┌────────

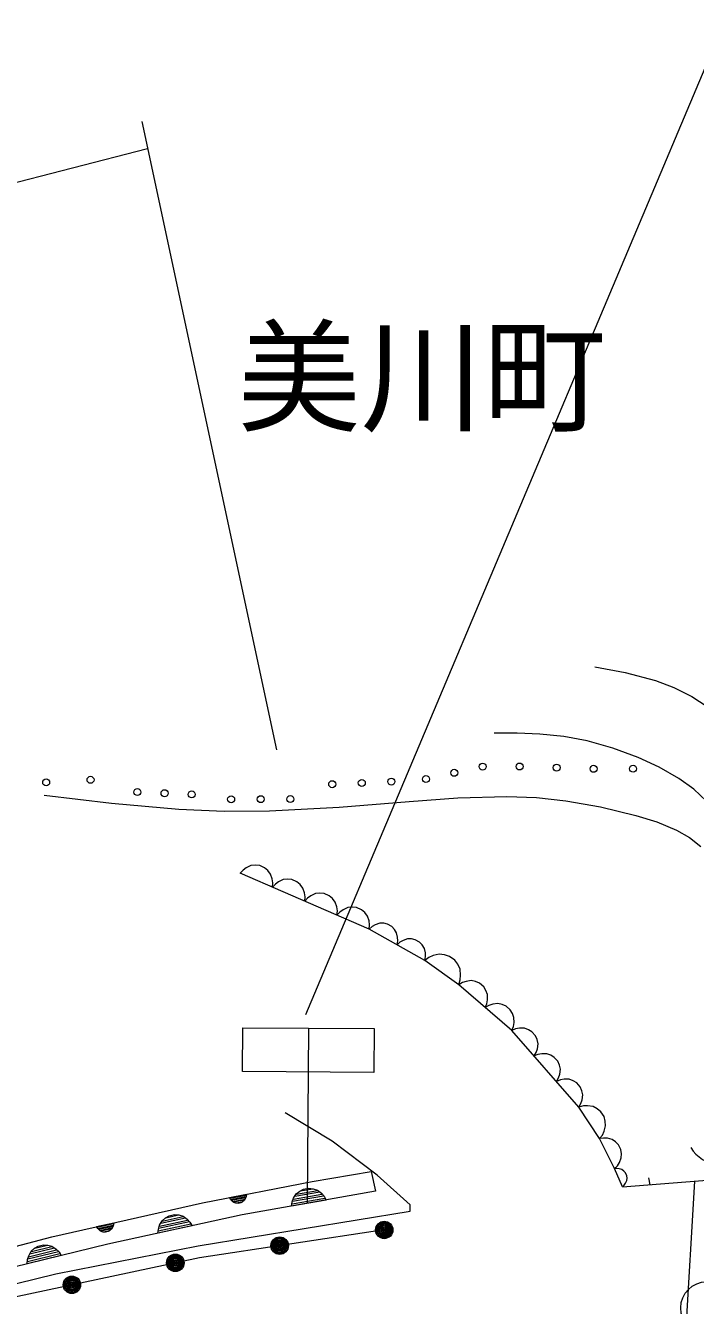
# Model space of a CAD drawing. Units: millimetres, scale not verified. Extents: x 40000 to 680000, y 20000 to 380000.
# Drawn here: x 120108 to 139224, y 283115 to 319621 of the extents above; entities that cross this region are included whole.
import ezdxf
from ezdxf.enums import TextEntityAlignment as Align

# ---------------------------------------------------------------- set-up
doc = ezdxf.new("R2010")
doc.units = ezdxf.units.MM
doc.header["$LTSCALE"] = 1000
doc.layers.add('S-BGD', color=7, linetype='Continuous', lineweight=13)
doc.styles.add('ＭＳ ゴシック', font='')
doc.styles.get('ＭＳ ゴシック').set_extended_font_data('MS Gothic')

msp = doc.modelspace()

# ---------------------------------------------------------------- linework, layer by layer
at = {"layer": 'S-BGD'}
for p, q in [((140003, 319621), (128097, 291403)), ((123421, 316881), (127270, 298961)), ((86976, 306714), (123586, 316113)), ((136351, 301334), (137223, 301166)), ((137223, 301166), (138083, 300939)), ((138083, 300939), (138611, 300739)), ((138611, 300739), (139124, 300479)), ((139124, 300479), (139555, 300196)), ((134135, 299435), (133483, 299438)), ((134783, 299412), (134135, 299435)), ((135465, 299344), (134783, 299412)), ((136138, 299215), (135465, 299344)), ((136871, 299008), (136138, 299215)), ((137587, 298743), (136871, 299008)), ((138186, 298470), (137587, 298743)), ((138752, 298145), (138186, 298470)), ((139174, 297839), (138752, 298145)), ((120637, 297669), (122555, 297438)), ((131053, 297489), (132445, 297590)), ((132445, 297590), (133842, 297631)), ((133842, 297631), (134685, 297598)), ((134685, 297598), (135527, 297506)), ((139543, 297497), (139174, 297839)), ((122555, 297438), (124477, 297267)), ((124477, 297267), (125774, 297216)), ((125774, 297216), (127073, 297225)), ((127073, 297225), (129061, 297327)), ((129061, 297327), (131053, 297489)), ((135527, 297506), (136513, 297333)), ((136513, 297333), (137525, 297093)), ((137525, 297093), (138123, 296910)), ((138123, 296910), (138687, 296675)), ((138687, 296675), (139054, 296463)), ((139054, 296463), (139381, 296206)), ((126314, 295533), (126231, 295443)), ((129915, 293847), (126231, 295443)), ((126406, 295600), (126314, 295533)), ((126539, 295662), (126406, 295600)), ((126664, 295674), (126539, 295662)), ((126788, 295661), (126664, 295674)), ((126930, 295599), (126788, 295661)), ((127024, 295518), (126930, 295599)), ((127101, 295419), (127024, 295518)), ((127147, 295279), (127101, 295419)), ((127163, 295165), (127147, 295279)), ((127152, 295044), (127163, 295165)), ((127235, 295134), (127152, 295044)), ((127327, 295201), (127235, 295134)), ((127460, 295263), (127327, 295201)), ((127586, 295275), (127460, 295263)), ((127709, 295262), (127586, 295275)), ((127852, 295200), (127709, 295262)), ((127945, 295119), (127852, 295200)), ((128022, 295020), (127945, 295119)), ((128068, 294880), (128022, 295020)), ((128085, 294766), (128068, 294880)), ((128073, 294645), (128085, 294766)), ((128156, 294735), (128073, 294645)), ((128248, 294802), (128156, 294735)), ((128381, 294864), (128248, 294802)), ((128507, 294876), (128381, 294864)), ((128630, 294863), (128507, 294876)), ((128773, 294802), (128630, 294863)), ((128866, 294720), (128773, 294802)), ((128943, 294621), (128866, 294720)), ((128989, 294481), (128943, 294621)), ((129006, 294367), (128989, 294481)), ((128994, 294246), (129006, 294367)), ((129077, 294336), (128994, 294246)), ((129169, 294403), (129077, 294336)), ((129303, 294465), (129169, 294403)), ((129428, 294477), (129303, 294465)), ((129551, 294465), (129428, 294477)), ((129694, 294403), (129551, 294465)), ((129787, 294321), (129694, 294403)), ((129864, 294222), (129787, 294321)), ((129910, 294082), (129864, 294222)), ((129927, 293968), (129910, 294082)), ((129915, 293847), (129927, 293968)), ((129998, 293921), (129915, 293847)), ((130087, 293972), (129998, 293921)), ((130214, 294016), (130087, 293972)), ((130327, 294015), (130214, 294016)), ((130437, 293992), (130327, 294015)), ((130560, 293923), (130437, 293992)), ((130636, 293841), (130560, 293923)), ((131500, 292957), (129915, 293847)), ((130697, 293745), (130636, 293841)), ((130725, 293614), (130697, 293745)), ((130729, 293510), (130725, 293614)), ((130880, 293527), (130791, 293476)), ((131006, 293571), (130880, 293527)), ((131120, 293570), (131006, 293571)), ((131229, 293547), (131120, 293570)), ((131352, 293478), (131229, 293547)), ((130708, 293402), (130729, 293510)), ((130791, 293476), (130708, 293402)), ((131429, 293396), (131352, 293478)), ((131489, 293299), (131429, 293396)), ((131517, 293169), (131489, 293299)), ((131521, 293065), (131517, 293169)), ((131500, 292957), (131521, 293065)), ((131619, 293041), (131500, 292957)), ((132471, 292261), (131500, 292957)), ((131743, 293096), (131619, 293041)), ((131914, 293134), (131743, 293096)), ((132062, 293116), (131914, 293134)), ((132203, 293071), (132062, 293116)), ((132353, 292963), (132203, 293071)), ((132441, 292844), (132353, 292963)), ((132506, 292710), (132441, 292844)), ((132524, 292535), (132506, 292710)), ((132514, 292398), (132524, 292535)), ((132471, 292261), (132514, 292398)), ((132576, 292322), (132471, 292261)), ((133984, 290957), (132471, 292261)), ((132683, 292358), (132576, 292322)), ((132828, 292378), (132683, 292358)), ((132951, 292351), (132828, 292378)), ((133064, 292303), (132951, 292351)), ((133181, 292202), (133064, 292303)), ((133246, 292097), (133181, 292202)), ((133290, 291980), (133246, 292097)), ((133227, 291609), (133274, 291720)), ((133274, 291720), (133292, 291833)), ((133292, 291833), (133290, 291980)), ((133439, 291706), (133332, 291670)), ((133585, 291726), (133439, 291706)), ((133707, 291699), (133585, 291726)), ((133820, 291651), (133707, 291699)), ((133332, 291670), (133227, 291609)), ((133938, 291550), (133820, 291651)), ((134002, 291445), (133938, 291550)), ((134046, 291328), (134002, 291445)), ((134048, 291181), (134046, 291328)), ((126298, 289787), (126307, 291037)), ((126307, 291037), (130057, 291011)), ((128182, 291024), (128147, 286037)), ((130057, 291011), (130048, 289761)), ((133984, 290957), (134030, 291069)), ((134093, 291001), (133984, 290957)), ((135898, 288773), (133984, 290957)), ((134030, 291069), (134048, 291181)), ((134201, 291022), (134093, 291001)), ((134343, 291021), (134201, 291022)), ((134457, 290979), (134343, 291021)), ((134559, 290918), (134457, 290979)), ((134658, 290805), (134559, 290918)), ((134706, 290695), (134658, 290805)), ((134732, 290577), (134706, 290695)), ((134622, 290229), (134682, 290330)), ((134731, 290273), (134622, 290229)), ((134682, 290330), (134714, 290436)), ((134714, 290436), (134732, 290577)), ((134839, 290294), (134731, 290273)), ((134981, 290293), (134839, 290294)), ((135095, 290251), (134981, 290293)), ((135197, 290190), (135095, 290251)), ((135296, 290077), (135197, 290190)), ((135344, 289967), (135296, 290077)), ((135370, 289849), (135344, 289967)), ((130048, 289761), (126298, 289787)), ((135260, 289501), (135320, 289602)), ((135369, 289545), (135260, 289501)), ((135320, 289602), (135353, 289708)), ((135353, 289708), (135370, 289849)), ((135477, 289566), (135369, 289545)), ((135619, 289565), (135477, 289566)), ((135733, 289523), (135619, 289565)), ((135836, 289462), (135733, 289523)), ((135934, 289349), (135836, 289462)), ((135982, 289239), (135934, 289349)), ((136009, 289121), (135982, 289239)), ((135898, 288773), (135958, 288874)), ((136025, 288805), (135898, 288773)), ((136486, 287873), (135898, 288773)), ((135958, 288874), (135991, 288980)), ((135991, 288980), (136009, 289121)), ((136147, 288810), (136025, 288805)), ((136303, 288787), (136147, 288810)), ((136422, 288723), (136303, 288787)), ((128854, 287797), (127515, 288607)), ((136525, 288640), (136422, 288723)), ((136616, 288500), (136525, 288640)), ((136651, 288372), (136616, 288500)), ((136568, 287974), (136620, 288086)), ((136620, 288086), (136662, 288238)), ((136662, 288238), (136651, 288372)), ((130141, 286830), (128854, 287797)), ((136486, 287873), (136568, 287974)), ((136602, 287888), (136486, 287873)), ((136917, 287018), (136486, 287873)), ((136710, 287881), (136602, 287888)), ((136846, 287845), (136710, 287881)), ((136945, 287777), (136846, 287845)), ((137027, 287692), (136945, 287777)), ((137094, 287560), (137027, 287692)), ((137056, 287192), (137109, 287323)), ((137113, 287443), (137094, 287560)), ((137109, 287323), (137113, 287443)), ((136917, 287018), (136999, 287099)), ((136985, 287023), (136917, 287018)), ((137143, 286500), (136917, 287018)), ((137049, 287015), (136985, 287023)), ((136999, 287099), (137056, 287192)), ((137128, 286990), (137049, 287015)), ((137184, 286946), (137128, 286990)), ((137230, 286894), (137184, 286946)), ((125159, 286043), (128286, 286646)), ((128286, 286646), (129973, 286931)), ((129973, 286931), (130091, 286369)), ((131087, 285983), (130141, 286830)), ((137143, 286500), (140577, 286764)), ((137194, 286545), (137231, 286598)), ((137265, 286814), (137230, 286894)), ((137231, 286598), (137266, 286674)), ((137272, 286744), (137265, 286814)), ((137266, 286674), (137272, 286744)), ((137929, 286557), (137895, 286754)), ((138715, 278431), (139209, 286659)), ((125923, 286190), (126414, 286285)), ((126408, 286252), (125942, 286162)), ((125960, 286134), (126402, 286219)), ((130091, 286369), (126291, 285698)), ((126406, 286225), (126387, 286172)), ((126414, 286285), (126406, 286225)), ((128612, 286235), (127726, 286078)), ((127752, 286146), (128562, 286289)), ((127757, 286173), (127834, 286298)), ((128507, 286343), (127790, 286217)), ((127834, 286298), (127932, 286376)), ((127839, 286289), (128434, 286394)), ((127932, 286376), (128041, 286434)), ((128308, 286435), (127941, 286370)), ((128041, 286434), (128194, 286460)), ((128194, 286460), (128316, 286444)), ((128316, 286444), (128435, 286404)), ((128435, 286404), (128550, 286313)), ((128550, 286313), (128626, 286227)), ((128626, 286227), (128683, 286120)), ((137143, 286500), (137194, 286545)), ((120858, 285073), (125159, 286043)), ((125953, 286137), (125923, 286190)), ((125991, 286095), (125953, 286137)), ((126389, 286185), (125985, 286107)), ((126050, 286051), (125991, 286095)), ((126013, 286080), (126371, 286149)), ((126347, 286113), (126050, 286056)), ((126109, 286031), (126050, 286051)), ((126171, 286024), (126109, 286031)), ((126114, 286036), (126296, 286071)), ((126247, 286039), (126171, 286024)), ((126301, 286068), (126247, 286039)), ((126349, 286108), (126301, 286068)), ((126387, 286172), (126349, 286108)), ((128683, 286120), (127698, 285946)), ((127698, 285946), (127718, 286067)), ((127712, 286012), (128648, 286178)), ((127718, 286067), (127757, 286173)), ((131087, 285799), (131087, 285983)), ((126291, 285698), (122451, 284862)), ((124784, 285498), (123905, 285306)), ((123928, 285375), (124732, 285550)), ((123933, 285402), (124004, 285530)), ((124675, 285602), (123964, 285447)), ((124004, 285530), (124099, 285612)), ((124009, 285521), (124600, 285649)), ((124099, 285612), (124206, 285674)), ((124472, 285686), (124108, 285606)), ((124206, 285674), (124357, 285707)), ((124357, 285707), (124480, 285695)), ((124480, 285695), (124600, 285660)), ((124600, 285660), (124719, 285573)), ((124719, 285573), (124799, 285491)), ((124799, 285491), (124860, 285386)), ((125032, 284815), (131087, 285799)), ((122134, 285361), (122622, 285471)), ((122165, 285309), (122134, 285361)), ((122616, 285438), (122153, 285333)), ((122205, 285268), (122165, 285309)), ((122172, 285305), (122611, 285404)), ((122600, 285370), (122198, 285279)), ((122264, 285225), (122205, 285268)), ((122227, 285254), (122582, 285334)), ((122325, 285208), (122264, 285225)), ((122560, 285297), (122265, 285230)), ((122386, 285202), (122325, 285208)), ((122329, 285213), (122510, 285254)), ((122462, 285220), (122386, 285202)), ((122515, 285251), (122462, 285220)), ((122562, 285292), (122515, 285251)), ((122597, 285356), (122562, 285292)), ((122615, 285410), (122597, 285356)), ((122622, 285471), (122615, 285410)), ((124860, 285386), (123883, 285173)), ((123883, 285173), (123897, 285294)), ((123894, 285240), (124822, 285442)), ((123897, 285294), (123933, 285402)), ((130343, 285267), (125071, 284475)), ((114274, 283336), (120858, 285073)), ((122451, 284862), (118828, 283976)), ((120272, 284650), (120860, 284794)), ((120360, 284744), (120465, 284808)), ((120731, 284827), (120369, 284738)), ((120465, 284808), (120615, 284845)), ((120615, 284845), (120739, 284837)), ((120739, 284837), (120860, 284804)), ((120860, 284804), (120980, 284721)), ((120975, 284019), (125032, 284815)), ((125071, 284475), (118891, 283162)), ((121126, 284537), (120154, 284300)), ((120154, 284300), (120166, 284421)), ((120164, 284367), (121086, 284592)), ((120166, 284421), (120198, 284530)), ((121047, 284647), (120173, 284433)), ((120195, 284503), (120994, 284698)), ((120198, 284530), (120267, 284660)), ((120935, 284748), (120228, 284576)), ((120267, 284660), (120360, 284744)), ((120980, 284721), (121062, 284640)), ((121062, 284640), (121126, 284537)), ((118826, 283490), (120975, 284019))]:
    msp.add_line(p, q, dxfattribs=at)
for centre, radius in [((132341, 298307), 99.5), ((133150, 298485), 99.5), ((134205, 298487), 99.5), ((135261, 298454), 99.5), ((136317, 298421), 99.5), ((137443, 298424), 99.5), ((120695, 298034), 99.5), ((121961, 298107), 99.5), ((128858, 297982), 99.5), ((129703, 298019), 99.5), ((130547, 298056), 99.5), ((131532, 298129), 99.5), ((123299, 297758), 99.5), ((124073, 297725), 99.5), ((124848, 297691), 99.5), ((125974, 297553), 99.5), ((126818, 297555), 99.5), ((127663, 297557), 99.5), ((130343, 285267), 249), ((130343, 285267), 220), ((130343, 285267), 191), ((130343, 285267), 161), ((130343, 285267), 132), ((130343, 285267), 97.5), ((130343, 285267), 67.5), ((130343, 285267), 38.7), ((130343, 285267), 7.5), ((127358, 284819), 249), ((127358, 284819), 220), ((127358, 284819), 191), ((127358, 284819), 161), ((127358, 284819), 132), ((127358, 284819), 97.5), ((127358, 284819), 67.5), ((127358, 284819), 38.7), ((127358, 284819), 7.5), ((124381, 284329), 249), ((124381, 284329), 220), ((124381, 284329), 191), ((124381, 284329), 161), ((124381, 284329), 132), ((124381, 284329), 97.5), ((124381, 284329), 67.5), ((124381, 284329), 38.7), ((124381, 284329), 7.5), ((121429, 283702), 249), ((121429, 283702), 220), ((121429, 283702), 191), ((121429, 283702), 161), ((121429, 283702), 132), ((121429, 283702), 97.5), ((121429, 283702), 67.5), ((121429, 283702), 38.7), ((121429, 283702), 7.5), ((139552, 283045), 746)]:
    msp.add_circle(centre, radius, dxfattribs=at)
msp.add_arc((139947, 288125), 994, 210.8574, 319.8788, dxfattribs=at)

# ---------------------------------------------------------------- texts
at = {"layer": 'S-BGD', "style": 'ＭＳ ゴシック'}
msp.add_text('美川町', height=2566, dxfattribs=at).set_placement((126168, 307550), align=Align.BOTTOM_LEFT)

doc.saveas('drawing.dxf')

└────────

### Exercise goal
Go through the records line by line and count those containing the string "radius". Give only the total.

### Solution to this problem
2